Тяжелая работа снов. Сны, как тяжелая работа.

…Витька медленно передвигался вдоль склона по узкой тропе с обгрызенными ветром краями. Море внизу выкидывало пенные клочья на узкие полосы пляжиков. Спиной чувствовал взгляд скалы, смотрела хмуро, толкала в лопатки. Обижалась, что быстро ушел, не позаглядывал в гроты, отдергивая руку от напряженных паутин в черных скальных прогрызах. Как не отдернуть: вот каракурт переспелой вишенкой тяжелого брюшка и четыре красных точки крестом на спине.

Тропка ползла к другому краю бухты, к следующей скале, что тоже сверлила каменным взглядом, ждала.
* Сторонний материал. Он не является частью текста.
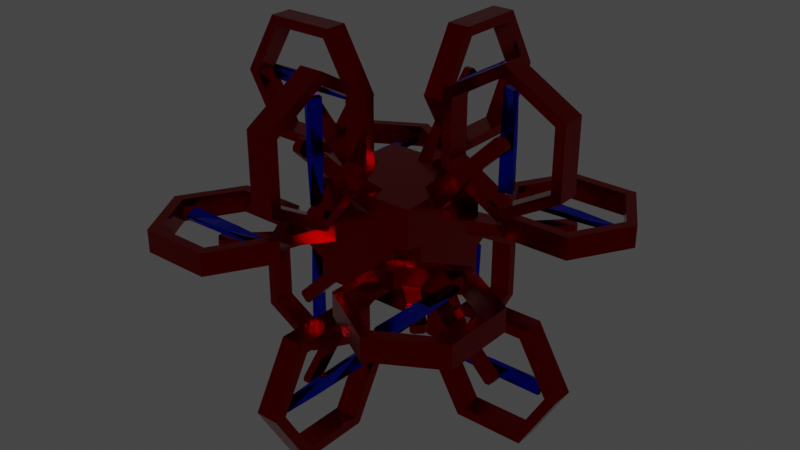 # Source: dodecacopter.blend  (saved by Blender 2.93.21; exported with 4.5.12 LTS)
import bpy
from mathutils import Matrix  # noqa: F401  (used for matrix-valued properties, if any)

bpy.ops.wm.read_factory_settings(use_empty=True)
scene = bpy.context.scene
scene.name = 'Scene'

# ---- collections
col_collection = bpy.data.collections.new('Collection'); scene.collection.children.link(col_collection)

# ---- materials (node trees are filled in below, after node groups)
mat_drone = bpy.data.materials.new('drone')
mat_drone.use_transparent_shadow = False
mat_propeller = bpy.data.materials.new('propeller')
mat_propeller.use_transparent_shadow = False

# ---- material node trees
mat_drone.use_nodes = True; mat_drone.node_tree.nodes.clear()
_N = mat_drone.node_tree.nodes; _L = mat_drone.node_tree.links
n0 = _N.new('ShaderNodeBsdfPrincipled'); n0.name = 'Principled BSDF'; n0.location = (10, 300)
n0.distribution = 'GGX'
n0.subsurface_method = 'BURLEY'
n0.inputs[0].default_value = (0.3672, 0.0, 0.002892, 1.0)
n0.inputs[1].default_value = 1.0
n0.inputs[2].default_value = 0.1765
n0.inputs[3].default_value = 1.45
n0.inputs[27].default_value = (0.0, 0.0, 0.0, 1.0)
n0.inputs[28].default_value = 1.0
n1 = _N.new('ShaderNodeOutputMaterial'); n1.name = 'Material Output'; n1.location = (300, 300)
_L.new(n0.outputs[0], n1.inputs[0])
n1.is_active_output = True
mat_propeller.use_nodes = True; mat_propeller.node_tree.nodes.clear()
_N = mat_propeller.node_tree.nodes; _L = mat_propeller.node_tree.links
n0 = _N.new('ShaderNodeBsdfPrincipled'); n0.name = 'Principled BSDF'; n0.location = (10, 300)
n0.distribution = 'GGX'
n0.subsurface_method = 'BURLEY'
n0.inputs[0].default_value = (0.0, 0.009711, 0.8, 1.0)
n0.inputs[1].default_value = 1.0
n0.inputs[2].default_value = 0.1103
n0.inputs[3].default_value = 1.45
n0.inputs[27].default_value = (0.0, 0.0, 0.0, 1.0)
n0.inputs[28].default_value = 1.0
n1 = _N.new('ShaderNodeOutputMaterial'); n1.name = 'Material Output'; n1.location = (300, 300)
_L.new(n0.outputs[0], n1.inputs[0])
n1.is_active_output = True

# ---- world
world_world = bpy.data.worlds.new('World'); scene.world = world_world
world_world.use_nodes = True; world_world.node_tree.nodes.clear()
_N = world_world.node_tree.nodes; _L = world_world.node_tree.links
n0 = _N.new('ShaderNodeOutputWorld'); n0.name = 'World Output'; n0.location = (300, 300)
n1 = _N.new('ShaderNodeBackground'); n1.name = 'Background'; n1.location = (10, 300)
n1.inputs[0].default_value = (0.05088, 0.05088, 0.05088, 1.0)
_L.new(n1.outputs[0], n0.inputs[0])
n0.is_active_output = True
world_world.color = (0.05088, 0.05088, 0.05088)
world_world.use_sun_shadow = False
world_world.sun_shadow_jitter_overblur = 0.0

# ---- meshes
me_cube_001 = bpy.data.meshes.new('Cube.001')
me_cube_001.from_pydata([(1.0, -1.0, 1.0), (1.0, -1.0, -1.0), (-1.0, 1.0, 1.0), (-1.0, 1.0, -1.0), (1.0, 1.0, 1.0), (1.0, 1.0, -1.0), (-1.0, -1.0, 1.0), (-1.0, -1.0, -1.0)], [], [(7, 6, 2, 3), (3, 5, 1, 7), (1, 0, 6, 7), (4, 2, 6, 0), (3, 2, 4, 5), (5, 4, 0, 1)])
_uv = me_cube_001.uv_layers.new(name='UVMap')
_uv.uv.foreach_set('vector', [0.375, 0.0, 0.625, 0.0, 0.625, 0.25, 0.375, 0.25, 0.375, 0.25, 0.625, 0.25, 0.625, 0.5, 0.375, 0.5, 0.375, 0.5, 0.625, 0.5, 0.625, 0.75, 0.375, 0.75, 0.375, 0.75, 0.625, 0.75, 0.625, 1.0, 0.375, 1.0, 0.125, 0.5, 0.375, 0.5, 0.375, 0.75, 0.125, 0.75, 0.625, 0.5, 0.875, 0.5, 0.875, 0.75, 0.625, 0.75])
me_cube_001.materials.append(mat_drone)
me_cube_001.materials.append(mat_propeller)
me_cube_001.use_remesh_fix_poles = True
me_cube_001.use_remesh_preserve_attributes = False
me_cube_001.update()
me_cube_006 = bpy.data.meshes.new('Cube.006')
me_cube_006.from_pydata([(0.8, -0.4307, 0.2507), (0.4307, -0.8, 0.2507), (0.4307, -0.8, -0.08482), (0.8, -0.4307, -0.1038), (1.528, -1.278, -0.2524), (1.278, -1.528, -0.2524), (1.278, -1.528, -0.049), (1.528, -1.278, -0.049), (2.2, -0.8355, -0.1506), (2.2, -1.057, 0.2949), (3.382, -1.518, -0.1506), (3.19, -1.628, 0.2949), (3.382, -2.882, -0.1506), (3.19, -2.772, 0.2949), (2.2, -3.565, -0.1506), (2.2, -3.343, 0.2949), (1.018, -2.882, -0.1506), (1.21, -2.772, 0.2949), (1.018, -1.518, -0.1506), (1.21, -1.628, 0.2949), (3.382, -1.518, 0.2949), (2.2, -0.8355, 0.2949), (3.382, -2.882, 0.2949), (2.2, -3.565, 0.2949), (1.018, -2.882, 0.2949), (1.018, -1.518, 0.2949), (3.19, -1.628, -0.1506), (2.2, -1.057, -0.1506), (3.19, -2.772, -0.1506), (2.2, -3.343, -0.1506), (1.21, -2.772, -0.1506), (1.21, -1.628, -0.1506), (1.649, -1.463, -0.2423), (1.463, -1.649, -0.2423), (1.463, -1.649, -0.09135), (1.649, -1.463, -0.09135), (2.356, -2.163, -0.245), (2.356, -2.24, -0.2452), (2.24, -2.356, -0.2452), (2.163, -2.356, -0.245), (2.163, -2.356, -0.08859), (2.24, -2.356, -0.08844), (2.356, -2.24, -0.08844), (2.356, -2.163, -0.08859)], [], [(1, 2, 5, 6), (3, 0, 7, 4), (7, 6, 34, 35), (0, 1, 6, 7), (2, 3, 4, 5), (8, 21, 20, 10), (10, 20, 22, 12), (12, 22, 23, 14), (14, 23, 24, 16), (13, 11, 26, 28), (16, 24, 25, 18), (18, 25, 21, 8), (9, 11, 20, 21), (11, 13, 22, 20), (13, 15, 23, 22), (15, 17, 24, 23), (17, 19, 25, 24), (19, 9, 21, 25), (19, 17, 30, 31), (15, 13, 28, 29), (11, 9, 27, 26), (9, 19, 31, 27), (17, 15, 29, 30), (12, 14, 29, 28), (14, 16, 30, 29), (16, 18, 31, 30), (18, 8, 27, 31), (8, 10, 26, 27), (10, 12, 28, 26), (34, 33, 39, 40), (5, 4, 32, 33), (4, 7, 35, 32), (6, 5, 33, 34), (32, 35, 43, 36), (35, 34, 40, 41, 42, 43), (38, 37, 42, 41), (38, 41, 40, 39), (42, 37, 36, 43), (33, 32, 36, 37, 38, 39), (3, 2, 1, 0)])
_uv = me_cube_006.uv_layers.new(name='UVMap')
_uv.uv.foreach_set('vector', [0.375, 0.7962, 0.625, 0.7962, 0.625, 0.7962, 0.375, 0.7962, 0.625, 0.7038, 0.375, 0.7038, 0.375, 0.7038, 0.625, 0.7038, 0.375, 0.7038, 0.3288, 0.75, 0.3288, 0.75, 0.375, 0.7038, 0.375, 0.7038, 0.3288, 0.75, 0.3288, 0.75, 0.375, 0.7038, 0.6712, 0.75, 0.625, 0.7038, 0.625, 0.7038, 0.6712, 0.75, 1.0, 0.5, 1.0, 1.0, 0.8333, 1.0, 0.8333, 0.5, 0.8333, 0.5, 0.8333, 1.0, 0.6667, 1.0, 0.6667, 0.5, 0.6667, 0.5, 0.6667, 1.0, 0.5, 1.0, 0.5, 0.5, 0.5, 0.5, 0.5, 1.0, 0.3333, 1.0, 0.3333, 0.5, 0.4241, 0.1495, 0.4241, 0.3505, 0.4241, 0.3505, 0.4241, 0.1495, 0.3333, 0.5, 0.3333, 1.0, 0.1667, 1.0, 0.1667, 0.5, 0.1667, 0.5, 0.1667, 1.0, -8.941e-08, 1.0, -8.941e-08, 0.5, 0.25, 0.4511, 0.4241, 0.3505, 0.4578, 0.37, 0.25, 0.49, 0.4241, 0.3505, 0.4241, 0.1495, 0.4578, 0.13, 0.4578, 0.37, 0.4241, 0.1495, 0.25, 0.04893, 0.25, 0.01, 0.4578, 0.13, 0.25, 0.04893, 0.07587, 0.1495, 0.04215, 0.13, 0.25, 0.01, 0.07587, 0.1495, 0.07587, 0.3505, 0.04215, 0.37, 0.04215, 0.13, 0.07587, 0.3505, 0.25, 0.4511, 0.25, 0.49, 0.04215, 0.37, 0.07587, 0.3505, 0.07587, 0.1495, 0.07587, 0.1495, 0.07587, 0.3505, 0.25, 0.04893, 0.4241, 0.1495, 0.4241, 0.1495, 0.25, 0.04893, 0.4241, 0.3505, 0.25, 0.4511, 0.25, 0.4511, 0.4241, 0.3505, 0.25, 0.4511, 0.07587, 0.3505, 0.07587, 0.3505, 0.25, 0.4511, 0.07587, 0.1495, 0.25, 0.04893, 0.25, 0.04893, 0.07587, 0.1495, 0.6667, 0.5, 0.5, 0.5, 0.25, 0.04893, 0.4241, 0.1495, 0.5, 0.5, 0.3333, 0.5, 0.07587, 0.1495, 0.25, 0.04893, 0.3333, 0.5, 0.1667, 0.5, 0.07587, 0.3505, 0.07587, 0.1495, 0.1667, 0.5, -8.941e-08, 0.5, 0.25, 0.4511, 0.07587, 0.3505, -8.941e-08, 0.5, 0.8333, 0.5, 0.4241, 0.3505, 0.25, 0.4511, 0.8333, 0.5, 0.6667, 0.5, 0.4241, 0.1495, 0.4241, 0.3505, 0.375, 0.7962, 0.625, 0.7962, 0.625, 0.7962, 0.375, 0.7962, 0.6712, 0.75, 0.625, 0.7038, 0.625, 0.7038, 0.6712, 0.75, 0.625, 0.7038, 0.375, 0.7038, 0.375, 0.7038, 0.625, 0.7038, 0.375, 0.7962, 0.625, 0.7962, 0.625, 0.7962, 0.375, 0.7962, 0.625, 0.7038, 0.375, 0.7038, 0.375, 0.7038, 0.625, 0.7038, 0.375, 0.7038, 0.3288, 0.75, 0.3288, 0.75, 0.3381, 0.7408, 0.3658, 0.7131, 0.375, 0.7038, 0.625, 0.7777, 0.625, 0.7223, 0.375, 0.7223, 0.375, 0.7777, 0.625, 0.7777, 0.375, 0.7777, 0.375, 0.7962, 0.625, 0.7962, 0.375, 0.7223, 0.625, 0.7223, 0.625, 0.7038, 0.375, 0.7038, 0.6712, 0.75, 0.625, 0.7038, 0.625, 0.7038, 0.6342, 0.7131, 0.6619, 0.7408, 0.6712, 0.75, 0.625, 0.7038, 0.625, 0.7962, 0.3288, 0.75, 0.375, 0.7038])
me_cube_006.materials.append(mat_drone)
me_cube_006.materials.append(mat_propeller)
me_cube_006.use_remesh_fix_poles = True
me_cube_006.use_remesh_preserve_attributes = False
me_cube_006.update()
me_cube_007 = bpy.data.meshes.new('Cube.007')
me_cube_007.from_pydata([(-0.1298, -0.1298, -0.05321), (-0.1298, -0.1298, 0.05321), (-0.1298, 0.1298, -0.05321), (-0.1298, 0.1298, 0.05321), (0.1298, -0.1298, -0.05321), (0.1298, -0.1298, 0.05321), (0.1298, 0.1298, -0.05321), (0.1298, 0.1298, 0.05321), (-0.1401, -0.905, -0.005619), (-0.1037, -0.905, 0.09439), (-0.1401, 0.905, 0.005619), (-0.1037, 0.905, -0.09439), (0.1401, 0.905, -0.005619), (0.1037, 0.905, 0.09439), (0.1401, -0.905, 0.005619), (0.1037, -0.905, -0.09439)], [], [(0, 1, 3, 2), (2, 11, 12), (6, 7, 5, 4), (7, 6, 12, 13), (2, 6, 4, 0), (7, 3, 1, 5), (11, 10, 13, 12), (15, 14, 9, 8), (1, 9, 14), (4, 5, 14, 15), (7, 13, 10), (2, 3, 10, 11), (1, 0, 8, 9), (4, 15, 8), (6, 2, 12), (0, 4, 8), (5, 1, 14), (3, 7, 10)])
me_cube_007.polygons.foreach_set('material_index', [1, 1, 1, 1, 1, 1, 1, 1, 1, 1, 1, 1, 1, 1, 1, 1, 1, 1])
_uv = me_cube_007.uv_layers.new(name='UVMap')
_uv.uv.foreach_set('vector', [0.375, 0.0, 0.625, 0.0, 0.625, 0.25, 0.375, 0.25, 0.125, 0.5, 0.125, 0.5, 0.375, 0.5, 0.375, 0.5, 0.625, 0.5, 0.625, 0.75, 0.375, 0.75, 0.625, 0.5, 0.375, 0.5, 0.375, 0.5, 0.625, 0.5, 0.125, 0.5, 0.375, 0.5, 0.375, 0.75, 0.125, 0.75, 0.625, 0.5, 0.875, 0.5, 0.875, 0.75, 0.625, 0.75, 0.375, 0.25, 0.625, 0.25, 0.625, 0.5, 0.375, 0.5, 0.375, 0.75, 0.625, 0.75, 0.625, 1.0, 0.375, 1.0, 0.875, 0.75, 0.875, 0.75, 0.625, 0.75, 0.375, 0.75, 0.625, 0.75, 0.625, 0.75, 0.375, 0.75, 0.625, 0.5, 0.625, 0.5, 0.875, 0.5, 0.375, 0.25, 0.625, 0.25, 0.625, 0.25, 0.375, 0.25, 0.625, 0.0, 0.375, 0.0, 0.375, 0.0, 0.625, 0.0, 0.375, 0.75, 0.375, 0.75, 0.125, 0.75, 0.375, 0.5, 0.125, 0.5, 0.375, 0.5, 0.125, 0.75, 0.375, 0.75, 0.125, 0.75, 0.625, 0.75, 0.875, 0.75, 0.625, 0.75, 0.875, 0.5, 0.625, 0.5, 0.875, 0.5])
me_cube_007.materials.append(mat_drone)
me_cube_007.materials.append(mat_propeller)
me_cube_007.use_remesh_fix_poles = True
me_cube_007.use_remesh_preserve_attributes = False
me_cube_007.update()

# ---- objects
ob_core = bpy.data.objects.new('core', me_cube_001)
ob_arm = bpy.data.objects.new('arm', me_cube_006)
ob_prop = bpy.data.objects.new('prop', me_cube_007)
ob_arm_001 = bpy.data.objects.new('arm.001', me_cube_006)
ob_prop_001 = bpy.data.objects.new('prop.001', me_cube_007)
ob_arm_002 = bpy.data.objects.new('arm.002', me_cube_006)
ob_prop_002 = bpy.data.objects.new('prop.002', me_cube_007)
ob_arm_003 = bpy.data.objects.new('arm.003', me_cube_006)
ob_prop_003 = bpy.data.objects.new('prop.003', me_cube_007)
ob_arm_004 = bpy.data.objects.new('arm.004', me_cube_006)
ob_prop_004 = bpy.data.objects.new('prop.004', me_cube_007)
ob_arm_005 = bpy.data.objects.new('arm.005', me_cube_006)
ob_prop_005 = bpy.data.objects.new('prop.005', me_cube_007)
ob_arm_006 = bpy.data.objects.new('arm.006', me_cube_006)
ob_prop_006 = bpy.data.objects.new('prop.006', me_cube_007)
ob_arm_007 = bpy.data.objects.new('arm.007', me_cube_006)
ob_prop_007 = bpy.data.objects.new('prop.007', me_cube_007)
ob_arm_008 = bpy.data.objects.new('arm.008', me_cube_006)
ob_prop_008 = bpy.data.objects.new('prop.008', me_cube_007)
ob_arm_009 = bpy.data.objects.new('arm.009', me_cube_006)
ob_prop_009 = bpy.data.objects.new('prop.009', me_cube_007)
ob_arm_010 = bpy.data.objects.new('arm.010', me_cube_006)
ob_prop_010 = bpy.data.objects.new('prop.010', me_cube_007)
ob_arm_011 = bpy.data.objects.new('arm.011', me_cube_006)
ob_prop_011 = bpy.data.objects.new('prop.011', me_cube_007)

# ---- transforms, parenting, visibility, modifiers, constraints
ob_core.location = (0.0, 0.0, 0.0)
ob_arm.parent = ob_core
ob_arm.location = (0.0, 0.0, 0.0)
ob_prop.parent = ob_arm
ob_prop.location = (2.2, -2.2, 0.09033)
ob_arm_001.parent = ob_core
ob_arm_001.location = (0.0, 0.0, 0.0)
ob_arm_001.rotation_euler = (0.0, -0.0, -1.571)
ob_prop_001.parent = ob_arm_001
ob_prop_001.location = (2.2, -2.2, 0.09033)
ob_arm_002.parent = ob_core
ob_arm_002.location = (0.0, 0.0, 0.0)
ob_arm_002.rotation_euler = (0.0, 0.0, -3.142)
ob_prop_002.parent = ob_arm_002
ob_prop_002.location = (2.2, -2.2, 0.09033)
ob_arm_003.parent = ob_core
ob_arm_003.location = (0.0, 0.0, 0.0)
ob_arm_003.rotation_euler = (0.0, -0.0, -4.712)
ob_prop_003.parent = ob_arm_003
ob_prop_003.location = (2.2, -2.2, 0.09033)
ob_arm_004.parent = ob_core
ob_arm_004.location = (0.0, 0.0, 0.0)
ob_arm_004.rotation_euler = (-0.0, 1.571, 0.0)
ob_prop_004.parent = ob_arm_004
ob_prop_004.location = (2.2, -2.2, 0.09033)
ob_arm_005.parent = ob_core
ob_arm_005.location = (0.0, 0.0, 0.0)
ob_arm_005.rotation_euler = (-1.571, -4.371e-08, -1.571)
ob_prop_005.parent = ob_arm_005
ob_prop_005.location = (2.2, -2.2, 0.09033)
ob_arm_006.parent = ob_core
ob_arm_006.location = (0.0, 0.0, 0.0)
ob_arm_006.rotation_euler = (-3.142, -1.571, 0.0)
ob_prop_006.parent = ob_arm_006
ob_prop_006.location = (2.2, -2.2, 0.09033)
ob_arm_007.parent = ob_core
ob_arm_007.location = (0.0, 0.0, 0.0)
ob_arm_007.rotation_euler = (1.571, 4.888e-07, -4.712)
ob_prop_007.parent = ob_arm_007
ob_prop_007.location = (2.2, -2.2, 0.09033)
ob_arm_008.parent = ob_core
ob_arm_008.location = (0.0, 0.0, 0.0)
ob_arm_008.rotation_euler = (-1.571, 1.571, 0.0)
ob_prop_008.parent = ob_arm_008
ob_prop_008.location = (2.2, -2.2, 0.09033)
ob_arm_009.parent = ob_core
ob_arm_009.location = (0.0, 0.0, 0.0)
ob_arm_009.rotation_euler = (-1.571, -4.371e-08, 0.0)
ob_prop_009.parent = ob_arm_009
ob_prop_009.location = (2.2, -2.2, 0.09033)
ob_arm_010.parent = ob_core
ob_arm_010.location = (0.0, 0.0, 0.0)
ob_arm_010.rotation_euler = (-1.571, -1.571, 0.0)
ob_prop_010.parent = ob_arm_010
ob_prop_010.location = (2.2, -2.2, 0.09033)
ob_arm_011.parent = ob_core
ob_arm_011.location = (0.0, 0.0, 0.0)
ob_arm_011.rotation_euler = (1.571, 4.888e-07, -3.142)
ob_prop_011.parent = ob_arm_011
ob_prop_011.location = (2.2, -2.2, 0.09033)

# ---- collection membership
col_collection.objects.link(ob_core)
col_collection.objects.link(ob_arm)
col_collection.objects.link(ob_prop)
col_collection.objects.link(ob_arm_001)
col_collection.objects.link(ob_prop_001)
col_collection.objects.link(ob_arm_002)
col_collection.objects.link(ob_prop_002)
col_collection.objects.link(ob_arm_003)
col_collection.objects.link(ob_prop_003)
col_collection.objects.link(ob_arm_004)
col_collection.objects.link(ob_prop_004)
col_collection.objects.link(ob_arm_005)
col_collection.objects.link(ob_prop_005)
col_collection.objects.link(ob_arm_006)
col_collection.objects.link(ob_prop_006)
col_collection.objects.link(ob_arm_007)
col_collection.objects.link(ob_prop_007)
col_collection.objects.link(ob_arm_008)
col_collection.objects.link(ob_prop_008)
col_collection.objects.link(ob_arm_009)
col_collection.objects.link(ob_prop_009)
col_collection.objects.link(ob_arm_010)
col_collection.objects.link(ob_prop_010)
col_collection.objects.link(ob_arm_011)
col_collection.objects.link(ob_prop_011)

# ---- scene / render settings (as saved in the file)
scene.frame_start = 1; scene.frame_end = 250; scene.frame_set(1)
scene.render.engine = 'BLENDER_EEVEE_NEXT'
scene.cycles.use_denoising = False
scene.cycles.samples = 128
scene.cycles.sampling_pattern = 'TABULATED_SOBOL'
scene.cycles.use_adaptive_sampling = False
scene.cycles.use_light_tree = False
scene.view_settings.view_transform = 'Filmic'
bpy.context.view_layer.update()

# ---- added for rendering (the .blend has no active camera and no usable light): camera, sun
cam_auto = bpy.data.cameras.new('AutoCamera')
cam_auto.lens = 50.0
cam_auto.sensor_width = 36.0
cam_auto.clip_end = 1000.0
ob_auto_camera = bpy.data.objects.new('AutoCamera', cam_auto)
scene.collection.objects.link(ob_auto_camera)
ob_auto_camera.location = (11.4245, -13.7094, 9.1396)
ob_auto_camera.rotation_euler = (1.09748, -7.21219e-08, 0.694738)
scene.camera = ob_auto_camera
light_auto_sun = bpy.data.lights.new('AutoSun', 'SUN')
light_auto_sun.energy = 3.0
light_auto_sun.angle = 0.0523599
ob_auto_sun = bpy.data.objects.new('AutoSun', light_auto_sun)
scene.collection.objects.link(ob_auto_sun)
ob_auto_sun.rotation_euler = (0.872665, 0.174533, 0.523599)
bpy.context.view_layer.update()

Но торопиться нельзя. Склон не отвесный, но если потеряешь равновесие, то катиться и катиться вниз по стеблям, на острые обломки у полосы песка.

И жарко. Ветер лишь мгновениями падал сверху, овевая потное лицо и пропадая в сушеной траве, как жаворонок с плененной былинками лапой. Солнце смотрело, не мигая.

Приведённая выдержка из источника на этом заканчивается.